| HN Mirror

Y	Hacker News new \| ask \| show \| jobs

by screye 1104 days ago

If you're concatenating after chunking , then the overlapping windows add quite a lot of repetition. Also, if it cuts off mid-json / mid-structured output then overlapping windows once again cause issues.

Define a custom recursive text splitter in langchain, and do chunking heuristically. It works a lot better.

That being said, it is useful to maintain some global and local context. But, I wouldn't use overlapping windows.

2 comments

rahimnathwani 1104 days ago

In place of simply concatenating after chunking, a more effective approach might be to retrieve and return the corresponding segments from the original documents that are relevant to the context. For instance, if we're dealing with short pieces of text such as Hacker News comments, it's fairly straightforward. Any partial match can prompt the return of the entire comment as it is.
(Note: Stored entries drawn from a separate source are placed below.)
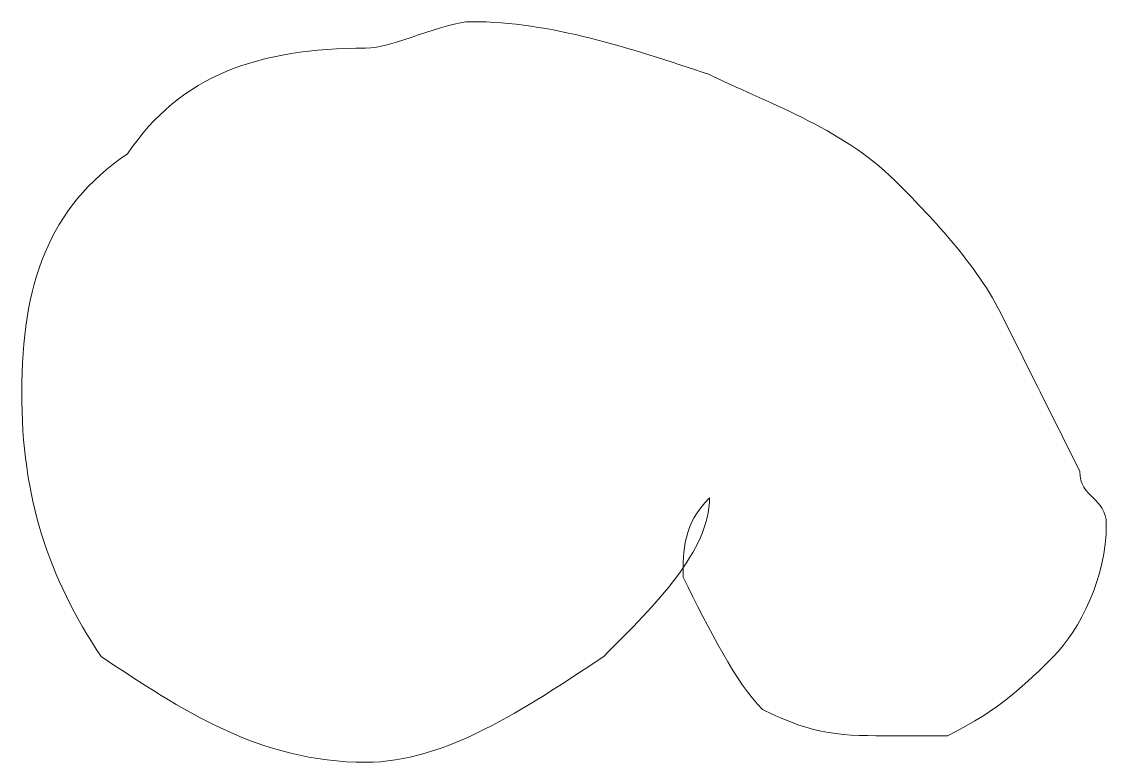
# Model space of a CAD drawing. Header units: inches. Extents: x -1525 to 612, y 0 to 1008.
# Drawn here: x 531.96 to 534.42, y 916.26 to 917.94 of the extents above; entities that cross this region are included whole.
import ezdxf

# ---------------------------------------------------------------- set-up
doc = ezdxf.new("R2010")
doc.units = ezdxf.units.IN
doc.header["$MEASUREMENT"] = 0
doc.layers.add('Layer 1', color=7, linetype='Continuous', lineweight=0)

# ---------------------------------------------------------------- blocks, each defined once
blk = doc.blocks.new('Block_33')
at = {"layer": 'Layer 1'}
blk.add_open_spline([(532.98, 917.94), (533.16, 917.94), (533.34, 917.88), (533.52, 917.82), (533.64, 917.7599), (533.82, 917.7), (533.94, 917.58), (534, 917.52), (534.12, 917.4), (534.18, 917.28), (534.24, 917.16), (534.3, 917.04), (534.36, 916.92), (534.36, 916.86), (534.42, 916.86), (534.42, 916.8), (534.42, 916.68), (534.36, 916.56), (534.3, 916.5), (534.24, 916.44), (534.18, 916.38), (534.06, 916.32), (534.06, 916.32), (534, 916.32), (533.94, 916.32), (533.82, 916.32), (533.76, 916.32), (533.64, 916.38), (533.58, 916.44), (533.52, 916.56), (533.46, 916.68), (533.46, 916.74), (533.46, 916.8), (533.52, 916.86), (533.52, 916.74), (533.4, 916.62), (533.28, 916.5), (533.1, 916.38), (532.92, 916.2599), (532.74, 916.2599), (532.5, 916.2599), (532.32, 916.38), (532.14, 916.5), (532.02, 916.68), (531.96, 916.86), (531.96, 917.1), (531.96, 917.34), (532.02, 917.52), (532.2, 917.64), (532.32, 917.82), (532.5, 917.88), (532.74, 917.88), (532.8, 917.88), (532.92, 917.94), (532.98, 917.94)], degree=3, knots=[0, 0, 0, 0, 1, 1, 1, 2, 2, 2, 3, 3, 3, 4, 4, 4, 5, 5, 5, 6, 6, 6, 7, 7, 7, 8, 8, 8, 9, 9, 9, 10, 10, 10, 11, 11, 11, 12, 12, 12, 13, 13, 13, 14, 14, 14, 15, 15, 15, 16, 16, 16, 17, 17, 17, 18, 18, 18, 18], dxfattribs=at)
blk = doc.blocks.new('Block_32')
at = {"layer": 'Layer 1'}
blk.add_blockref('Block_33', (0, 0), dxfattribs=at)

msp = doc.modelspace()

# ---------------------------------------------------------------- block references
at = {"layer": 'Layer 1'}
msp.add_blockref('Block_32', (0, 0), dxfattribs=at)

doc.saveas('drawing.dxf')

When working with more extensive documents, the process gets a bit more intricate. In this case, your embedding database might need to hold more information per entry. Ideally, for each document, the database should store identifiers like the document ID, the starting token number, and the ending token number. This way, even if a document appears more than once among the top results from a query, it's possible to piece together the full relevant excerpt accurately.

gwern 1104 days ago

I don't think the repetition is a problem. He's using a local model for human-assisted writing with pre-generated embeddings - he can use essentially an arbitrary number of embedding calls, as long as it's more useful for the human. So it's just a question of whether that improves the quality or not. (Not that the cost would be more than a rounding error to embed your typical personal wiki with something like the OA API, especially since they just dropped the prices of embeddings again.)